"Innocent people don't run from cops" is a naive cliche offered to justify police brutality ("Injuries in van ride focus of city probe," April 21).
Another troubling defense of police brutality against blacks is to raise the issue of black-on-black violence — as if that somehow excuses police excesses. Rather than justify police brutality, black-on-black violence should make us ask what is wrong with our society that fosters that violence? The answer has to do with lingering systemic racism.
Is it any wonder many black kids get involved in crime when they grow up in widespread poverty, have parents who cannot find a job with a living wage, attend underfunded schools that don't engage them or prepare them to succeed and live in neighborhoods plagued by gangs and drugs?

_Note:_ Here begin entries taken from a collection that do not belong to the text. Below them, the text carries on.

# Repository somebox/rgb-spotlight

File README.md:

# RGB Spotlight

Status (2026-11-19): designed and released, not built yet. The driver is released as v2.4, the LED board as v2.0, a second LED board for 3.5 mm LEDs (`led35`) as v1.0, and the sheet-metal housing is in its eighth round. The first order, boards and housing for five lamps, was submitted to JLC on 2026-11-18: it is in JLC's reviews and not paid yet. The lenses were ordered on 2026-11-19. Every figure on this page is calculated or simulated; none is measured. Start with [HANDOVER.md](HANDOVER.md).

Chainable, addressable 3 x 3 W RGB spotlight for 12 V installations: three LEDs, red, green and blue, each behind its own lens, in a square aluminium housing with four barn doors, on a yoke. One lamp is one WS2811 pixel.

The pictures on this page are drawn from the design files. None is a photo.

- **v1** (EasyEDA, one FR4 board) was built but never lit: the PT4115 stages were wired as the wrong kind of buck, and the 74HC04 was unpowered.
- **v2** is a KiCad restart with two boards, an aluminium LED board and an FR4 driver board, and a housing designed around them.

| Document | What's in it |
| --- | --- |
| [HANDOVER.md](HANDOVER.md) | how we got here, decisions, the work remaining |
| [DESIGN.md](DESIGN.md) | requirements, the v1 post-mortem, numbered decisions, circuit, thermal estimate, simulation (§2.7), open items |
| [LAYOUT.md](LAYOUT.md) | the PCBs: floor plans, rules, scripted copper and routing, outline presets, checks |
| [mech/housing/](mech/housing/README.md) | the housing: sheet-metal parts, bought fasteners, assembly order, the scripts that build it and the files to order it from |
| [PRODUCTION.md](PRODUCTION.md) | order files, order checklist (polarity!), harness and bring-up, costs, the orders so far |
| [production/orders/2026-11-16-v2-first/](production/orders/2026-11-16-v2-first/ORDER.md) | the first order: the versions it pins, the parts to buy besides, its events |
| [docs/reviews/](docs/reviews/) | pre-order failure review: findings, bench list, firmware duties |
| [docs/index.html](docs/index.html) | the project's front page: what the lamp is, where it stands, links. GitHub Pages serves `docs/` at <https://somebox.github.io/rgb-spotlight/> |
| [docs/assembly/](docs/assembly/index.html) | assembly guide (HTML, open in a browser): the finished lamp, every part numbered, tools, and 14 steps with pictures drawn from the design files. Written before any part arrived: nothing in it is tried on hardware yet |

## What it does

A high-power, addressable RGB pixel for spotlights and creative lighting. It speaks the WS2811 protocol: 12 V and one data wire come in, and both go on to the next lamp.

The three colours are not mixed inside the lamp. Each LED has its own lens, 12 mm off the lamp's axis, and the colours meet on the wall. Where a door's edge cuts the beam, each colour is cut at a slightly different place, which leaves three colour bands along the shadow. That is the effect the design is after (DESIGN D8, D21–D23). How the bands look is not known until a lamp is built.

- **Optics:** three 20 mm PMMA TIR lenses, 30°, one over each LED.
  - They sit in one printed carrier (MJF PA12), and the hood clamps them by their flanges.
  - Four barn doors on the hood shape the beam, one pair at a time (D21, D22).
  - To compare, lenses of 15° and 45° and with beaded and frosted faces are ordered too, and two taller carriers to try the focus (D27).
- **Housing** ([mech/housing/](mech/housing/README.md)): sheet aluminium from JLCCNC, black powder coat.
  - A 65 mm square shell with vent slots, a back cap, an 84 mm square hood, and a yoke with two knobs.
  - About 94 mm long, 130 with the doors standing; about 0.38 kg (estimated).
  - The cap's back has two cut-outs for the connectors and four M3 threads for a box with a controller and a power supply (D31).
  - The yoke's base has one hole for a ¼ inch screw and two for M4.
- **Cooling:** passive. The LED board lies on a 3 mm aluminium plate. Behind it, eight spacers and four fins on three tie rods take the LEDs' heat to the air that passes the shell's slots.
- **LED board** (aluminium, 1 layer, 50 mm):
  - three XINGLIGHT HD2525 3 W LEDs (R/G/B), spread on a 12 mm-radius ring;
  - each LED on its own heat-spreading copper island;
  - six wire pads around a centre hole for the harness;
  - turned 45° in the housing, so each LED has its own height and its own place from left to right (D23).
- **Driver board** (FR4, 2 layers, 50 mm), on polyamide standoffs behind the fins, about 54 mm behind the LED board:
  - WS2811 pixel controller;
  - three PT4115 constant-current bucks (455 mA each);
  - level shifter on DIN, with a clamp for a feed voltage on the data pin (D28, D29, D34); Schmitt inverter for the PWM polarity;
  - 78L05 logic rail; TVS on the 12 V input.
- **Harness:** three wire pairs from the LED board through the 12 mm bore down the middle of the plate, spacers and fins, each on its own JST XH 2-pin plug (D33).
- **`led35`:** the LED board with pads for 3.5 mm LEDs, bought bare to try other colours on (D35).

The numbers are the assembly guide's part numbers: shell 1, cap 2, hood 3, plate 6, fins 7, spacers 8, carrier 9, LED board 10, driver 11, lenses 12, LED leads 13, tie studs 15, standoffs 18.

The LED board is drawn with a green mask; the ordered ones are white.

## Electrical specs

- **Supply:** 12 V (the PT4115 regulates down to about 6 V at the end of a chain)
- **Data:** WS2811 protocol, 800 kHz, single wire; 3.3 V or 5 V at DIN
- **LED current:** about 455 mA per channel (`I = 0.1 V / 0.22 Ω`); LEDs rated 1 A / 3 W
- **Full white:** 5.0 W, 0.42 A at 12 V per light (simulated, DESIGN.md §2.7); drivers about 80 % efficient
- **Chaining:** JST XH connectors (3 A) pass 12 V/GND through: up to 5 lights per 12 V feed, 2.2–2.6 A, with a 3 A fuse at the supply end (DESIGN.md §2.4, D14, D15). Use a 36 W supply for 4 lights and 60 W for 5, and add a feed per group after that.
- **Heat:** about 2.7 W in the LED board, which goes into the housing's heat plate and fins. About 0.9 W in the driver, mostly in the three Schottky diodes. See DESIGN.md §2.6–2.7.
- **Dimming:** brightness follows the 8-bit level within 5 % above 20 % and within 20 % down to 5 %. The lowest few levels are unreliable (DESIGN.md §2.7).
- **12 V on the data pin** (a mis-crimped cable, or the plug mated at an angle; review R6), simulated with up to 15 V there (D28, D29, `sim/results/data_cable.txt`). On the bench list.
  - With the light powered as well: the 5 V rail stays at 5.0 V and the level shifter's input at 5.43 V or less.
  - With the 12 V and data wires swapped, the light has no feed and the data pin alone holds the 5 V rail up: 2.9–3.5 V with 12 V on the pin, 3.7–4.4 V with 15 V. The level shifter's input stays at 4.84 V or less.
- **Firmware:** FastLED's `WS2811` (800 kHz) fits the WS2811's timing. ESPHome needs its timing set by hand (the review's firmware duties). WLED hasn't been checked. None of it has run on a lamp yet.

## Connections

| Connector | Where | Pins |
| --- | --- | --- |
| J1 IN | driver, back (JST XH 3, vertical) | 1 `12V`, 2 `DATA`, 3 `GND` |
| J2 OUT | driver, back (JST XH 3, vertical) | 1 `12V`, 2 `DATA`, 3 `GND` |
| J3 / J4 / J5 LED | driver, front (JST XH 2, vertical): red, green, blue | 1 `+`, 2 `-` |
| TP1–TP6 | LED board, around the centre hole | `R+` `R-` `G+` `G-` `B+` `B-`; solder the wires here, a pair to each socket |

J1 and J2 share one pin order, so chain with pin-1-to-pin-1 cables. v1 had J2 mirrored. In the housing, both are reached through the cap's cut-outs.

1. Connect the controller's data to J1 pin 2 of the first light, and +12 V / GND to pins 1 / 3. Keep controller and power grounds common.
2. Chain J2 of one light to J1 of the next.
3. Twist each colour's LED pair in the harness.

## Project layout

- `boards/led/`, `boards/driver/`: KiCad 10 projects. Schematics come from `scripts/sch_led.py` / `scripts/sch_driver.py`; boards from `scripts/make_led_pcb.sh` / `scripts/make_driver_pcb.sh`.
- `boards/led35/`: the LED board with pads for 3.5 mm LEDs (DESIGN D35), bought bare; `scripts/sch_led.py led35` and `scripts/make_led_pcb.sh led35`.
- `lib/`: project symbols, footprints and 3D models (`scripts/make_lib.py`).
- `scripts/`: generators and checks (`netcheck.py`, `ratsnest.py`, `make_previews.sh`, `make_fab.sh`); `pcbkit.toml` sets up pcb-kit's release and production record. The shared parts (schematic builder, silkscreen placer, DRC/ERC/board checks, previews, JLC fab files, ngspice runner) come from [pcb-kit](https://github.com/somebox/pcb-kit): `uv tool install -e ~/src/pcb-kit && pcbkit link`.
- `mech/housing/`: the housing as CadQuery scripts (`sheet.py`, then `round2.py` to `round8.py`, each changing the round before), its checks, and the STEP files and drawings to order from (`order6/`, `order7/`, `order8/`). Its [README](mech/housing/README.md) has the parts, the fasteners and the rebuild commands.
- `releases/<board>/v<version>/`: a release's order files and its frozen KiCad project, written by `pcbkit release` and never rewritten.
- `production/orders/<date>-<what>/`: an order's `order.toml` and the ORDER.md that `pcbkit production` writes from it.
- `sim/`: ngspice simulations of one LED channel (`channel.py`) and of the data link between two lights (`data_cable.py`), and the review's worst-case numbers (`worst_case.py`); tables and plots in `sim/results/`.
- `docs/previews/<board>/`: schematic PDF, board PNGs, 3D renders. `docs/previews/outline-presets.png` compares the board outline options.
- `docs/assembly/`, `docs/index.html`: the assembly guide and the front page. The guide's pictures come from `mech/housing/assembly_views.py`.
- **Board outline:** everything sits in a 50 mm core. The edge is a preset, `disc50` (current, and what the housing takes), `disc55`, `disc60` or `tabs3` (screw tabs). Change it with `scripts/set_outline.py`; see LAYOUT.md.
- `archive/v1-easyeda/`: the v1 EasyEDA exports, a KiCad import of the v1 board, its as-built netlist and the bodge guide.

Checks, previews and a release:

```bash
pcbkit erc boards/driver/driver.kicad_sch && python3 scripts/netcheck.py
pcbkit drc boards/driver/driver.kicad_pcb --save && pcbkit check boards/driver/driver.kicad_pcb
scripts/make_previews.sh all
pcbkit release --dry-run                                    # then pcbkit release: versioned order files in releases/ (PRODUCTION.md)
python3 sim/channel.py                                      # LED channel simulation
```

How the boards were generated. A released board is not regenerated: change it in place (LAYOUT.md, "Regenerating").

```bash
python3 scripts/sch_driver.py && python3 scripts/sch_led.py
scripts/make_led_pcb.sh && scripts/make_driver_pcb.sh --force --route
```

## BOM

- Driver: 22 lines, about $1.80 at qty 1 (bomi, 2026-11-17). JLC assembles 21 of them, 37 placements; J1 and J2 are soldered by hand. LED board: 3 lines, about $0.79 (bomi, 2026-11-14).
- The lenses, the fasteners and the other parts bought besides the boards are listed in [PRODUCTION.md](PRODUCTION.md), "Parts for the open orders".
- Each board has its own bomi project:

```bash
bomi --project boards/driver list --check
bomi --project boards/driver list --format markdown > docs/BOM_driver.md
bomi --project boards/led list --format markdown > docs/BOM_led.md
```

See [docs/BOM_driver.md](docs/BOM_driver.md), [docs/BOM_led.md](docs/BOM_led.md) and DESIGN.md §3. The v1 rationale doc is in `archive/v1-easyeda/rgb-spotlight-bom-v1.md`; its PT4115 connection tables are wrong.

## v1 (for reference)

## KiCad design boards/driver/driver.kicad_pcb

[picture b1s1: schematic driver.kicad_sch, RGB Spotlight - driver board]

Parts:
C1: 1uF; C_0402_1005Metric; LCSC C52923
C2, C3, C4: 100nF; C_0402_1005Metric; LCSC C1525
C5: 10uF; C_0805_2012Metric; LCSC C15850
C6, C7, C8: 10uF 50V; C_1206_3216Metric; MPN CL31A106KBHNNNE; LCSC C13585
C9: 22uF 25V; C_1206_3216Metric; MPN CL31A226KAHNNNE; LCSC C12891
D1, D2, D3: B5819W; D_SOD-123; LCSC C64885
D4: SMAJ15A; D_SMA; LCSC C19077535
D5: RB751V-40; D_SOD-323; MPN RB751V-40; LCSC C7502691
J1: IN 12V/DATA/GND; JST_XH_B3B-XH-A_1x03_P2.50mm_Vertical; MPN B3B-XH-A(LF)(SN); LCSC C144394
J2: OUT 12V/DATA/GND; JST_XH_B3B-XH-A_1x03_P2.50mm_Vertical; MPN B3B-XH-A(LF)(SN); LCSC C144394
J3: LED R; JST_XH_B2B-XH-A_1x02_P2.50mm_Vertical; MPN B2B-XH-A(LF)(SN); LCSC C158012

The war on poverty failed because it didn't deal with the underlying racism that kept businesses out of black neighborhoods, racism that kept blacks from good paying jobs, racism that kept local and state government budgets from adequately funding schools and community services in black neighborhoods, racism that kept blacks from moving into white neighborhoods, racism that focused police efforts on arresting blacks for minor offenses which introduced them to prison, real criminals and a life of crime. That crime takes place mostly in the black neighborhoods, thus black-on-black violence.
Many whites find it easy to dismiss allegations of police brutality with an assumption that excess force was likely an exaggeration but in any event the black victim brought it on himself. Videos and social media are revealing the truth of police harassment and brutality of blacks, and that truth leads to other questions about the underlying racism that still persists throughout our society.